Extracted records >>
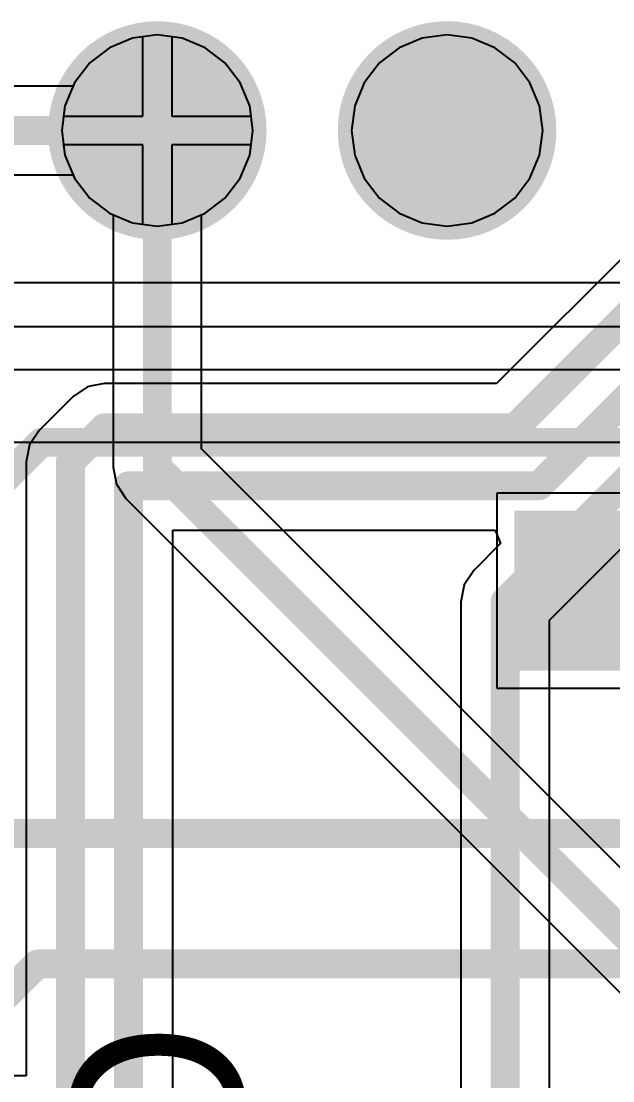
# Model space of a CAD drawing. Header units: millimetres. Extents: x 50.7 to 141.9, y 26.7 to 123.6.
# Drawn here: x 104.6 to 109.78, y 102.1 to 111.39 of the extents above; entities that cross this region are included whole.
import ezdxf

# ---------------------------------------------------------------- set-up
doc = ezdxf.new("R2010")
doc.units = ezdxf.units.MM
for name, color, linetype in [('BottomLayer', 5, 'Continuous'), ('BottomPaste', 16, 'Continuous'), ('BottomSolder', 6, 'Continuous'), ('InternalPlane1', 76, 'Continuous'), ('InternalPlane3', 216, 'Continuous'), ('MidLayer1', 16, 'Continuous'), ('MidLayer2', 76, 'Continuous'), ('MidLayer3', 90, 'Continuous'), ('MidLayer4', 156, 'Continuous'), ('MultiLayer', 9, 'Continuous'), ('TopLayer', 1, 'Continuous'), ('TopOverlay', 2, 'Continuous'), ('TopSolder', 216, 'Continuous')]:
    doc.layers.add(name, color=color, linetype=linetype)

msp = doc.modelspace()

# ---------------------------------------------------------------- linework, layer by layer
at = {"layer": 'BottomLayer'}
for p, q in [((105.791, 111.2672), (105.5741, 111.2386)), ((106.0079, 111.2386), (105.791, 111.2672)), ((108.331, 111.2672), (108.1141, 111.2386)), ((108.5479, 111.2386), (108.331, 111.2672)), ((105.5741, 111.2386), (105.3719, 111.1549)), ((106.2101, 111.1549), (106.0079, 111.2386)), ((108.1141, 111.2386), (107.9119, 111.1549)), ((108.7501, 111.1549), (108.5479, 111.2386)), ((105.3719, 111.1549), (105.1983, 111.0217)), ((106.3837, 111.0217), (106.2101, 111.1549)), ((107.9119, 111.1549), (107.7383, 111.0217)), ((108.9237, 111.0217), (108.7501, 111.1549)), ((105.1983, 111.0217), (105.0651, 110.8481)), ((106.5169, 110.8481), (106.3837, 111.0217)), ((107.7383, 111.0217), (107.6051, 110.8481)), ((109.0569, 110.8481), (108.9237, 111.0217)), ((105.0524, 110.8175), (103.9895, 110.8175)), ((105.0651, 110.8481), (105.0524, 110.8175)), ((106.6006, 110.6459), (106.5169, 110.8481)), ((107.6051, 110.8481), (107.5214, 110.6459)), ((109.1406, 110.6459), (109.0569, 110.8481)), ((106.6292, 110.429), (106.6006, 110.6459)), ((107.5214, 110.6459), (107.4928, 110.429)), ((109.1692, 110.429), (109.1406, 110.6459)), ((106.6006, 110.2121), (106.6292, 110.429)), ((107.4928, 110.429), (107.5214, 110.2121)), ((109.1406, 110.2121), (109.1692, 110.429)), ((106.5169, 110.0099), (106.6006, 110.2121)), ((107.5214, 110.2121), (107.6051, 110.0099)), ((109.0569, 110.0099), (109.1406, 110.2121)), ((103.9895, 110.0405), (105.0524, 110.0405)), ((105.0524, 110.0405), (105.0651, 110.0099)), ((105.0651, 110.0099), (105.1983, 109.8363)), ((106.3837, 109.8363), (106.5169, 110.0099)), ((107.6051, 110.0099), (107.7383, 109.8363)), ((108.9237, 109.8363), (109.0569, 110.0099)), ((105.1983, 109.8363), (105.3719, 109.7031)), ((106.2101, 109.7031), (106.3837, 109.8363)), ((107.7383, 109.8363), (107.9119, 109.7031)), ((108.7501, 109.7031), (108.9237, 109.8363)), ((105.3719, 109.7031), (105.4025, 109.6904)), ((105.4025, 109.6904), (105.4025, 107.4772)), ((106.1795, 109.6904), (106.2101, 109.7031)), ((106.1795, 107.6381), (106.1795, 109.6904)), ((107.9119, 109.7031), (108.1141, 109.6194)), ((108.5479, 109.6194), (108.7501, 109.7031)), ((108.1141, 109.6194), (108.331, 109.5908)), ((108.331, 109.5908), (108.5479, 109.6194)), ((109.9497, 103.8679), (106.1795, 107.6381)), ((105.4025, 107.4772), (105.4321, 107.3285)), ((105.4321, 107.3285), (105.5163, 107.2025)), ((105.5163, 107.2025), (110.0662, 102.6526)), ((111.675, 107.25), (108.767, 107.25)), ((108.767, 107.25), (108.767, 105.542)), ((108.767, 105.542), (111.675, 105.542))]:
    msp.add_line(p, q, dxfattribs=at)
for points, const_width in [([(105.5025, 110.429, 1), (106.0795, 110.429, 1)], 0.577), ([(108.0425, 110.429, 1), (108.6195, 110.429, 1)], 0.577), ([(105.7275, 110.429, 1), (105.8545, 110.429, 1)], 0.127), ([(105.7275, 110.429, 1), (105.8545, 110.429, 1)], 0.127), ([(105.7275, 107.4772, 1), (105.8545, 107.4772, 1)], 0.127), ([(105.7275, 107.4772, 1), (105.8545, 107.4772, 1)], 0.127)]:
    msp.add_lwpolyline(points, format="xyb", close=True, dxfattribs=dict(at, const_width=const_width))
at = {"layer": 'BottomLayer', "const_width": 0.254}
for points in [[(103.251, 110.429), (105.791, 110.429)], [(105.791, 107.4772), (105.791, 110.429)], [(105.791, 107.4772), (110.6522, 102.616)]]:
    msp.add_lwpolyline(points, dxfattribs=at)
at = {"layer": 'BottomLayer'}
msp.add_solid([(111.421, 105.796), (111.421, 106.996), (109.021, 105.796), (109.021, 106.996)], dxfattribs=at)
at = {"layer": 'BottomPaste'}
msp.add_solid([(111.421, 105.796), (111.421, 106.996), (109.021, 105.796), (109.021, 106.996)], dxfattribs=at)
at = {"layer": 'BottomSolder', "const_width": 0.6786}
for points in [[(105.4517, 110.429, 1), (106.1303, 110.429, 1)], [(107.9917, 110.429, 1), (108.6703, 110.429, 1)]]:
    msp.add_lwpolyline(points, format="xyb", close=True, dxfattribs=at)
at = {"layer": 'BottomSolder'}
msp.add_solid([(111.5226, 105.6944), (111.5226, 107.0976), (108.9194, 105.6944), (108.9194, 107.0976)], dxfattribs=at)
at = {"layer": 'InternalPlane1', "const_width": 0.958}
for points in [[(105.312, 110.429, 1), (106.27, 110.429, 1)], [(107.852, 110.429, 1), (108.81, 110.429, 1)]]:
    msp.add_lwpolyline(points, format="xyb", close=True, dxfattribs=at)
at = {"layer": 'InternalPlane3', "const_width": 0.958}
for points in [[(105.312, 110.429, 1), (106.27, 110.429, 1)], [(107.852, 110.429, 1), (108.81, 110.429, 1)]]:
    msp.add_lwpolyline(points, format="xyb", close=True, dxfattribs=at)
at = {"layer": 'MidLayer1'}
for points, const_width in [([(105.5025, 110.429, 1), (106.0795, 110.429, 1)], 0.577), ([(108.0425, 110.429, 1), (108.6195, 110.429, 1)], 0.577), ([(104.7115, 107.696, 1), (104.8385, 107.696, 1)], 0.127), ([(104.7115, 107.696, 1), (104.8385, 107.696, 1)], 0.127), ([(104.6769, 103.124, 1), (104.8039, 103.124, 1)], 0.127), ([(104.6769, 103.124, 1), (104.8039, 103.124, 1)], 0.127)]:
    msp.add_lwpolyline(points, format="xyb", close=True, dxfattribs=dict(at, const_width=const_width))
at = {"layer": 'MidLayer1', "const_width": 0.254}
for points in [[(100.711, 103.632), (104.775, 107.696)], [(104.775, 107.696), (114.427, 107.696)], [(102.7828, 104.267), (116.078, 104.267)], [(101.9464, 100.33), (104.7404, 103.124)], [(104.7404, 103.124), (113.411, 103.124)]]:
    msp.add_lwpolyline(points, dxfattribs=at)
at = {"layer": 'MidLayer2', "const_width": 0.577}
for points in [[(105.5025, 110.429, 1), (106.0795, 110.429, 1)], [(108.0425, 110.429, 1), (108.6195, 110.429, 1)]]:
    msp.add_lwpolyline(points, format="xyb", close=True, dxfattribs=at)
at = {"layer": 'MidLayer3'}
for p, q in [((105.791, 111.2672), (105.5741, 111.2386)), ((106.0079, 111.2386), (105.791, 111.2672)), ((108.331, 111.2672), (108.1141, 111.2386)), ((108.5479, 111.2386), (108.331, 111.2672)), ((105.5741, 111.2386), (105.3719, 111.1549)), ((106.2101, 111.1549), (106.0079, 111.2386)), ((108.1141, 111.2386), (107.9119, 111.1549)), ((108.7501, 111.1549), (108.5479, 111.2386)), ((105.3719, 111.1549), (105.1983, 111.0217)), ((106.3837, 111.0217), (106.2101, 111.1549)), ((107.9119, 111.1549), (107.7383, 111.0217)), ((108.9237, 111.0217), (108.7501, 111.1549)), ((105.1983, 111.0217), (105.0651, 110.8481)), ((106.5169, 110.8481), (106.3837, 111.0217)), ((107.7383, 111.0217), (107.6051, 110.8481)), ((109.0569, 110.8481), (108.9237, 111.0217)), ((105.0651, 110.8481), (104.9814, 110.6459)), ((106.6006, 110.6459), (106.5169, 110.8481)), ((107.6051, 110.8481), (107.5214, 110.6459)), ((109.1406, 110.6459), (109.0569, 110.8481)), ((104.9814, 110.6459), (104.9528, 110.429)), ((106.6292, 110.429), (106.6006, 110.6459)), ((107.5214, 110.6459), (107.4928, 110.429)), ((109.1692, 110.429), (109.1406, 110.6459)), ((104.9528, 110.429), (104.9814, 110.2121)), ((106.6006, 110.2121), (106.6292, 110.429)), ((107.4928, 110.429), (107.5214, 110.2121)), ((109.1406, 110.2121), (109.1692, 110.429)), ((104.9814, 110.2121), (105.0651, 110.0099)), ((106.5169, 110.0099), (106.6006, 110.2121)), ((107.5214, 110.2121), (107.6051, 110.0099)), ((109.0569, 110.0099), (109.1406, 110.2121)), ((105.0651, 110.0099), (105.1983, 109.8363)), ((106.3837, 109.8363), (106.5169, 110.0099)), ((107.6051, 110.0099), (107.7383, 109.8363)), ((108.9237, 109.8363), (109.0569, 110.0099)), ((105.1983, 109.8363), (105.3719, 109.7031)), ((106.2101, 109.7031), (106.3837, 109.8363)), ((107.7383, 109.8363), (107.9119, 109.7031)), ((108.7501, 109.7031), (108.9237, 109.8363)), ((105.3719, 109.7031), (105.5741, 109.6194)), ((106.0079, 109.6194), (106.2101, 109.7031)), ((107.9119, 109.7031), (108.1141, 109.6194)), ((108.5479, 109.6194), (108.7501, 109.7031)), ((105.5741, 109.6194), (105.791, 109.5908)), ((105.791, 109.5908), (106.0079, 109.6194)), ((108.1141, 109.6194), (108.331, 109.5908)), ((108.331, 109.5908), (108.5479, 109.6194)), ((116.0769, 108.331), (76.962, 108.331)), ((77.343, 107.696), (116.0209, 107.696))]:
    msp.add_line(p, q, dxfattribs=at)
at = {"layer": 'MidLayer3', "const_width": 0.577}
for points in [[(105.5025, 110.429, 1), (106.0795, 110.429, 1)], [(108.0425, 110.429, 1), (108.6195, 110.429, 1)]]:
    msp.add_lwpolyline(points, format="xyb", close=True, dxfattribs=at)
at = {"layer": 'MidLayer4'}
for p, q in [((108.331, 111.2672), (108.1141, 111.2386)), ((108.5479, 111.2386), (108.331, 111.2672)), ((105.5741, 111.2386), (105.3719, 111.1549)), ((105.664, 111.2504), (105.5741, 111.2386)), ((105.664, 110.556), (105.664, 111.2504)), ((106.0079, 111.2386), (105.918, 111.2504)), ((105.918, 111.2504), (105.918, 110.556)), ((106.2101, 111.1549), (106.0079, 111.2386)), ((108.1141, 111.2386), (107.9119, 111.1549)), ((108.7501, 111.1549), (108.5479, 111.2386)), ((105.3719, 111.1549), (105.1983, 111.0217)), ((106.3837, 111.0217), (106.2101, 111.1549)), ((107.9119, 111.1549), (107.7383, 111.0217)), ((108.9237, 111.0217), (108.7501, 111.1549)), ((105.1983, 111.0217), (105.0651, 110.8481)), ((106.5169, 110.8481), (106.3837, 111.0217)), ((107.7383, 111.0217), (107.6051, 110.8481)), ((109.0569, 110.8481), (108.9237, 111.0217)), ((105.0651, 110.8481), (104.9814, 110.6459)), ((106.6006, 110.6459), (106.5169, 110.8481)), ((107.6051, 110.8481), (107.5214, 110.6459)), ((109.1406, 110.6459), (109.0569, 110.8481)), ((104.9814, 110.6459), (104.9695, 110.556)), ((106.6124, 110.556), (106.6006, 110.6459)), ((107.5214, 110.6459), (107.4928, 110.429)), ((109.1692, 110.429), (109.1406, 110.6459)), ((104.9695, 110.556), (105.664, 110.556)), ((105.918, 110.556), (106.6124, 110.556)), ((107.4928, 110.429), (107.5214, 110.2121)), ((109.1406, 110.2121), (109.1692, 110.429)), ((105.664, 110.302), (104.9695, 110.302)), ((104.9695, 110.302), (104.9814, 110.2121)), ((105.664, 109.6076), (105.664, 110.302)), ((106.6124, 110.302), (105.918, 110.302)), ((105.918, 110.302), (105.918, 109.6076)), ((106.6006, 110.2121), (106.6124, 110.302)), ((104.9814, 110.2121), (105.0651, 110.0099)), ((106.5169, 110.0099), (106.6006, 110.2121)), ((107.5214, 110.2121), (107.6051, 110.0099)), ((109.0569, 110.0099), (109.1406, 110.2121)), ((105.0651, 110.0099), (105.1983, 109.8363)), ((106.3837, 109.8363), (106.5169, 110.0099)), ((107.6051, 110.0099), (107.7383, 109.8363)), ((108.9237, 109.8363), (109.0569, 110.0099)), ((105.1983, 109.8363), (105.3719, 109.7031)), ((106.2101, 109.7031), (106.3837, 109.8363)), ((107.7383, 109.8363), (107.9119, 109.7031)), ((108.7501, 109.7031), (108.9237, 109.8363)), ((105.3719, 109.7031), (105.5741, 109.6194)), ((106.0079, 109.6194), (106.2101, 109.7031)), ((107.9119, 109.7031), (108.1141, 109.6194)), ((108.5479, 109.6194), (108.7501, 109.7031)), ((105.5741, 109.6194), (105.664, 109.6076)), ((105.918, 109.6076), (106.0079, 109.6194)), ((108.1141, 109.6194), (108.331, 109.5908)), ((108.331, 109.5908), (108.5479, 109.6194)), ((129.921, 109.093), (102.108, 109.093)), ((101.854, 108.712), (116.2924, 108.712))]:
    msp.add_line(p, q, dxfattribs=at)
at = {"layer": 'MidLayer4', "const_width": 0.577}
for points in [[(105.5025, 110.429, 1), (106.0795, 110.429, 1)], [(108.0425, 110.429, 1), (108.6195, 110.429, 1)]]:
    msp.add_lwpolyline(points, format="xyb", close=True, dxfattribs=at)
at = {"layer": 'MultiLayer', "const_width": 0.577}
for points in [[(105.5025, 110.429, 1), (106.0795, 110.429, 1)], [(108.0425, 110.429, 1), (108.6195, 110.429, 1)]]:
    msp.add_lwpolyline(points, format="xyb", close=True, dxfattribs=at)
at = {"layer": 'TopLayer'}
for p, q in [((105.791, 111.2672), (105.5741, 111.2386)), ((106.0079, 111.2386), (105.791, 111.2672)), ((108.331, 111.2672), (108.1141, 111.2386)), ((108.5479, 111.2386), (108.331, 111.2672)), ((105.5741, 111.2386), (105.3719, 111.1549)), ((106.2101, 111.1549), (106.0079, 111.2386)), ((108.1141, 111.2386), (107.9119, 111.1549)), ((108.7501, 111.1549), (108.5479, 111.2386)), ((105.3719, 111.1549), (105.1983, 111.0217)), ((106.3837, 111.0217), (106.2101, 111.1549)), ((107.9119, 111.1549), (107.7383, 111.0217)), ((108.9237, 111.0217), (108.7501, 111.1549)), ((105.1983, 111.0217), (105.0651, 110.8481)), ((106.5169, 110.8481), (106.3837, 111.0217)), ((107.7383, 111.0217), (107.6051, 110.8481)), ((109.0569, 110.8481), (108.9237, 111.0217)), ((105.0651, 110.8481), (104.9814, 110.6459)), ((106.6006, 110.6459), (106.5169, 110.8481)), ((107.6051, 110.8481), (107.5214, 110.6459)), ((109.1406, 110.6459), (109.0569, 110.8481)), ((104.9814, 110.6459), (104.9528, 110.429)), ((106.6292, 110.429), (106.6006, 110.6459)), ((107.5214, 110.6459), (107.4928, 110.429)), ((109.1692, 110.429), (109.1406, 110.6459)), ((104.9528, 110.429), (104.9814, 110.2121)), ((106.6006, 110.2121), (106.6292, 110.429)), ((107.4928, 110.429), (107.5214, 110.2121)), ((109.1406, 110.2121), (109.1692, 110.429)), ((104.9814, 110.2121), (105.0651, 110.0099)), ((106.5169, 110.0099), (106.6006, 110.2121)), ((107.5214, 110.2121), (107.6051, 110.0099)), ((109.0569, 110.0099), (109.1406, 110.2121)), ((105.0651, 110.0099), (105.1983, 109.8363)), ((106.3837, 109.8363), (106.5169, 110.0099)), ((107.6051, 110.0099), (107.7383, 109.8363)), ((108.9237, 109.8363), (109.0569, 110.0099)), ((105.1983, 109.8363), (105.3719, 109.7031)), ((106.2101, 109.7031), (106.3837, 109.8363)), ((107.7383, 109.8363), (107.9119, 109.7031)), ((108.7501, 109.7031), (108.9237, 109.8363)), ((105.3719, 109.7031), (105.5741, 109.6194)), ((106.0079, 109.6194), (106.2101, 109.7031)), ((107.9119, 109.7031), (108.1141, 109.6194)), ((108.5479, 109.6194), (108.7501, 109.7031)), ((105.5741, 109.6194), (105.791, 109.5908)), ((105.791, 109.5908), (106.0079, 109.6194)), ((108.1141, 109.6194), (108.331, 109.5908)), ((108.331, 109.5908), (108.5479, 109.6194)), ((110.1272, 109.5734), (108.7653, 108.2115)), ((105.3266, 108.2115), (105.2026, 108.1868)), ((108.7653, 108.2115), (105.3266, 108.2115)), ((105.1779, 108.1819), (105.0519, 108.0977)), ((105.2026, 108.1868), (105.1779, 108.1819)), ((105.0519, 108.0977), (104.7543, 107.8001)), ((109.2275, 106.1381), (110.9829, 107.8935)), ((104.7543, 107.8001), (104.6701, 107.6741)), ((104.6701, 107.6741), (104.6405, 107.5254)), ((104.6405, 107.5254), (104.6405, 102.1444)), ((105.9255, 98.933), (105.9255, 106.9265)), ((105.9255, 106.9265), (108.7512, 106.9265)), ((108.7512, 106.9265), (108.7998, 106.8092)), ((108.7998, 106.8092), (108.5643, 106.5737)), ((108.5643, 106.5737), (108.4801, 106.4477)), ((108.4801, 106.4477), (108.4505, 106.299)), ((108.4505, 106.299), (108.4505, 97.409)), ((109.2275, 97.5699), (109.2275, 106.1381)), ((104.6405, 102.1444), (104.1475, 102.1444))]:
    msp.add_line(p, q, dxfattribs=at)
for points, const_width in [([(105.5025, 110.429, 1), (106.0795, 110.429, 1)], 0.577), ([(108.0425, 110.429, 1), (108.6195, 110.429, 1)], 0.577), ([(105.2631, 107.823, 1), (105.3901, 107.823, 1)], 0.127), ([(105.2631, 107.823, 1), (105.3901, 107.823, 1)], 0.127), ([(108.8627, 107.823, 1), (108.9897, 107.823, 1)], 0.127), ([(108.8627, 107.823, 1), (108.9897, 107.823, 1)], 0.127), ([(104.9655, 107.5254, 1), (105.0925, 107.5254, 1)], 0.127), ([(104.9655, 107.5254, 1), (105.0925, 107.5254, 1)], 0.127), ([(105.4735, 107.315, 1), (105.6005, 107.315, 1)], 0.127), ([(105.4735, 107.315, 1), (105.6005, 107.315, 1)], 0.127), ([(109.0731, 107.315, 1), (109.2001, 107.315, 1)], 0.127), ([(109.0731, 107.315, 1), (109.2001, 107.315, 1)], 0.127), ([(108.7755, 106.299, 1), (108.9025, 106.299, 1)], 0.127), ([(108.7755, 106.299, 1), (108.9025, 106.299, 1)], 0.127)]:
    msp.add_lwpolyline(points, format="xyb", close=True, dxfattribs=dict(at, const_width=const_width))
at = {"layer": 'TopLayer', "const_width": 0.254}
for points in [[(108.9262, 107.823), (110.4018, 109.2987)], [(109.1366, 107.315), (110.6116, 108.79)], [(108.839, 106.299), (110.822, 108.282)], [(105.029, 107.5254), (105.3266, 107.823)], [(105.3266, 107.823), (108.9262, 107.823)], [(105.029, 99.2578), (105.029, 107.5254)], [(105.537, 98.933), (105.537, 107.315)], [(105.537, 107.315), (109.1366, 107.315)], [(108.839, 97.409), (108.839, 106.299)]]:
    msp.add_lwpolyline(points, dxfattribs=at)
at = {"layer": 'TopSolder', "const_width": 0.6786}
for points in [[(105.4517, 110.429, 1), (106.1303, 110.429, 1)], [(107.9917, 110.429, 1), (108.6703, 110.429, 1)]]:
    msp.add_lwpolyline(points, format="xyb", close=True, dxfattribs=at)

# ---------------------------------------------------------------- texts
at = {"layer": 'TopOverlay'}
msp.add_text('C75', height=1.524, rotation=270, dxfattribs=at).set_placement((105.029, 102.616))

doc.saveas('drawing.dxf')

Assignment >> The images in the entries above should be left out; please reproduce exactly the lines from the first through the one containing "doc.units = ezdxf.units.MM".

Answer area >>
# Model space of a CAD drawing. Header units: millimetres. Extents: x 50.7 to 141.9, y 26.7 to 123.6.
# Drawn here: x 104.6 to 109.78, y 102.1 to 111.39 of the extents above; entities that cross this region are included whole.
import ezdxf

# ---------------------------------------------------------------- set-up
doc = ezdxf.new("R2010")
doc.units = ezdxf.units.MM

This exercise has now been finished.